Haven’t tested the driver yet, but it has a ATTiny85 on it, bent pins, and will go in a ThorFire JM07 running the latest Narsil firmware (full programmable UI). The JM07 stock driver board is all prep’ed for it already (stripped, JB Weld added to support the driver mounted e-switch, switch wired to pads).

Tom, got my JM07 yesterday in the blizzard. I like it and may leave it stock, no it is not as hot as my other 26650 tube lights but I do not think it needs to be with the OP reflector. I think it will replace my hopped up C8 in the truck, in favor of runtime. It is the only light I have that will fit the RadioShack protected 26650’s I picked up, dang they are long. I just got in my first 2 SIR800DP FETs and my first 2 tiny25’s this week. I may now have to take about the D01 pill and install that FET on the board!

Tom, I know the 17mm Rev2.1 is really tight around the hole. I actually don’t like to use that board myself because of how far it pushes stuff out to the side, I mainly made it at the request of another user.

That and I’ve never had a SIR800DP , I always forget to plan for their different case shape.
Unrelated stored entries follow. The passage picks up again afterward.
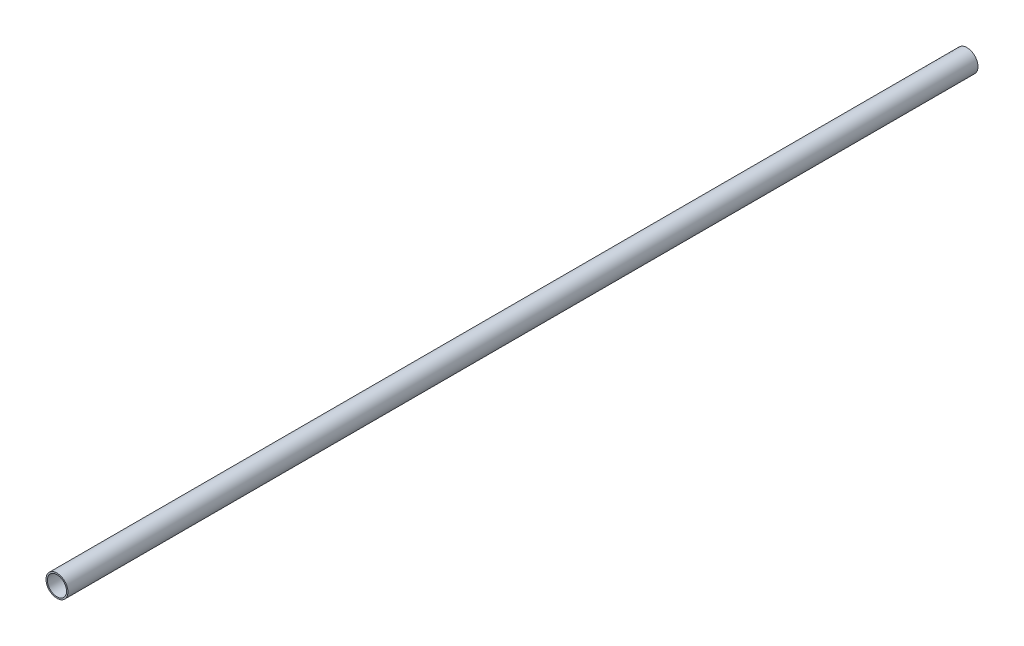
ISO-10303-21;
HEADER;
FILE_DESCRIPTION(('STEP AP214'),'2;1');
FILE_NAME('part.step','',(''),(''),'','','');
FILE_SCHEMA(('AUTOMOTIVE_DESIGN { 1 0 10303 214 1 1 1 1 }'));
ENDSEC;
DATA;
#1=APPLICATION_CONTEXT('core data for automotive mechanical design processes');
#2=APPLICATION_PROTOCOL_DEFINITION('international standard','automotive_design',2000,#1);
#3=PRODUCT_CONTEXT('',#1,'mechanical');
#4=PRODUCT('Part','Part','',(#3));
#5=PRODUCT_RELATED_PRODUCT_CATEGORY('part','',(#4));
#6=PRODUCT_DEFINITION_FORMATION('','',#4);
#7=PRODUCT_DEFINITION_CONTEXT('part definition',#1,'design');
#8=PRODUCT_DEFINITION('design','',#6,#7);
#9=PRODUCT_DEFINITION_SHAPE('','',#8);
#10=(LENGTH_UNIT() NAMED_UNIT(*) SI_UNIT(.MILLI.,.METRE.));
#11=(NAMED_UNIT(*) PLANE_ANGLE_UNIT() SI_UNIT($,.RADIAN.));
#12=(NAMED_UNIT(*) SI_UNIT($,.STERADIAN.) SOLID_ANGLE_UNIT());
#13=UNCERTAINTY_MEASURE_WITH_UNIT(LENGTH_MEASURE(1.E-05),#10,'distance_accuracy_value','');
#14=(GEOMETRIC_REPRESENTATION_CONTEXT(3) GLOBAL_UNCERTAINTY_ASSIGNED_CONTEXT((#13)) GLOBAL_UNIT_ASSIGNED_CONTEXT((#10,
#11,#12)) REPRESENTATION_CONTEXT('',''));
#15=CARTESIAN_POINT('',(0.,0.,0.));
#16=DIRECTION('',(0.,0.,1.));
#17=DIRECTION('',(1.,0.,0.));
#18=AXIS2_PLACEMENT_3D('',#15,#16,#17);
#19=CARTESIAN_POINT('',(2449.7201128805,-5187.00741573402,2000.));
#20=DIRECTION('',(0.,0.,1.));
#21=DIRECTION('',(1.,0.,0.));
#22=AXIS2_PLACEMENT_3D('',#19,#20,#21);
#23=PLANE('',#22);
#24=CARTESIAN_POINT('',(2449.7201128805,-5187.00741573402,2000.));
#25=DIRECTION('',(0.,0.,1.));
#26=DIRECTION('',(1.,0.,0.));
#27=AXIS2_PLACEMENT_3D('',#24,#25,#26);
#28=CIRCLE('',#27,24.125);
#29=CARTESIAN_POINT('',(2473.8451128805,-5187.00741573402,2000.));
#30=VERTEX_POINT('',#29);
#31=EDGE_CURVE('E10',#30,#30,#28,.T.);
#32=ORIENTED_EDGE('',*,*,#31,.T.);
#33=EDGE_LOOP('',(#32));
#34=FACE_BOUND('',#33,.T.);
#35=CARTESIAN_POINT('',(2449.7201128805,-5187.00741573402,2000.));
#36=DIRECTION('',(0.,0.,1.));
#37=DIRECTION('',(1.,0.,0.));
#38=AXIS2_PLACEMENT_3D('',#35,#36,#37);
#39=CIRCLE('',#38,21.0750000000002);
#40=CARTESIAN_POINT('',(2470.7951128805,-5187.00741573402,2000.));
#41=VERTEX_POINT('',#40);
#42=EDGE_CURVE('E43',#41,#41,#39,.T.);
#43=ORIENTED_EDGE('',*,*,#42,.F.);
#44=EDGE_LOOP('',(#43));
#45=FACE_BOUND('',#44,.T.);
#46=ADVANCED_FACE('F32',(#34,#45),#23,.T.);
#47=CARTESIAN_POINT('',(2449.7201128805,-5187.00741573402,0.));
#48=DIRECTION('',(0.,0.,1.));
#49=DIRECTION('',(1.,0.,0.));
#50=AXIS2_PLACEMENT_3D('',#47,#48,#49);
#51=PLANE('',#50);
#52=CARTESIAN_POINT('',(2449.7201128805,-5187.00741573402,0.));
#53=DIRECTION('',(0.,0.,1.));
#54=DIRECTION('',(1.,0.,0.));
#55=AXIS2_PLACEMENT_3D('',#52,#53,#54);
#56=CIRCLE('',#55,24.125);
#57=CARTESIAN_POINT('',(2473.8451128805,-5187.00741573402,0.));
#58=VERTEX_POINT('',#57);
#59=EDGE_CURVE('E36',#58,#58,#56,.T.);
#60=ORIENTED_EDGE('',*,*,#59,.F.);
#61=EDGE_LOOP('',(#60));
#62=FACE_BOUND('',#61,.T.);
#63=CARTESIAN_POINT('',(2449.7201128805,-5187.00741573402,0.));
#64=DIRECTION('',(0.,0.,1.));
#65=DIRECTION('',(1.,0.,0.));
#66=AXIS2_PLACEMENT_3D('',#63,#64,#65);
#67=CIRCLE('',#66,21.0750000000002);
#68=CARTESIAN_POINT('',(2470.7951128805,-5187.00741573402,0.));
#69=VERTEX_POINT('',#68);
#70=EDGE_CURVE('E45',#69,#69,#67,.T.);
#71=ORIENTED_EDGE('',*,*,#70,.T.);
#72=EDGE_LOOP('',(#71));
#73=FACE_BOUND('',#72,.T.);
#74=ADVANCED_FACE('F55',(#62,#73),#51,.F.);
#75=CARTESIAN_POINT('',(2449.7201128805,-5187.00741573402,2000.));
#76=DIRECTION('',(0.,0.,-1.));
#77=DIRECTION('',(-1.,0.,0.));
#78=AXIS2_PLACEMENT_3D('',#75,#76,#77);
#79=CYLINDRICAL_SURFACE('',#78,24.125);
#80=ORIENTED_EDGE('',*,*,#31,.F.);
#81=EDGE_LOOP('',(#80));
#82=FACE_BOUND('',#81,.T.);
#83=ORIENTED_EDGE('',*,*,#59,.T.);
#84=EDGE_LOOP('',(#83));
#85=FACE_BOUND('',#84,.T.);
#86=ADVANCED_FACE('F34',(#82,#85),#79,.T.);
#87=CARTESIAN_POINT('',(2449.7201128805,-5187.00741573402,2000.));
#88=DIRECTION('',(0.,0.,-1.));
#89=DIRECTION('',(-1.,0.,0.));
#90=AXIS2_PLACEMENT_3D('',#87,#88,#89);
#91=CYLINDRICAL_SURFACE('',#90,21.0750000000002);
#92=ORIENTED_EDGE('',*,*,#42,.T.);
#93=EDGE_LOOP('',(#92));
#94=FACE_BOUND('',#93,.T.);
#95=ORIENTED_EDGE('',*,*,#70,.F.);
#96=EDGE_LOOP('',(#95));
#97=FACE_BOUND('',#96,.T.);
#98=ADVANCED_FACE('F51',(#94,#97),#91,.F.);
#99=CLOSED_SHELL('',(#46,#74,#86,#98));
#100=MANIFOLD_SOLID_BREP('B2',#99);
#101=ADVANCED_BREP_SHAPE_REPRESENTATION('',(#18,#100),#14);
#102=SHAPE_DEFINITION_REPRESENTATION(#9,#101);
ENDSEC;
END-ISO-10303-21;

Cool JM07, literally! I got my 1st one on Monday I believe, still waiting for the 2nd - tracking #'s are totally useless - both tracking #'s say left China, USPS never got them. I'm not a fan of power ON/OFF at the tail, then mode changing on the side. Narsil supports both switch's, so if I want to, I can configure mode switching w/memory on the tail and have full control on the e-switch from 1-7 modes, lock-out, battery status blinked out in voltage, etc. - all the features, plus full FET power .

Stock throw I measured was 26 kcd and 3.0 amps on a top IMR 26650 cell (EFEST). Throw is great for an OP reflector light of this size.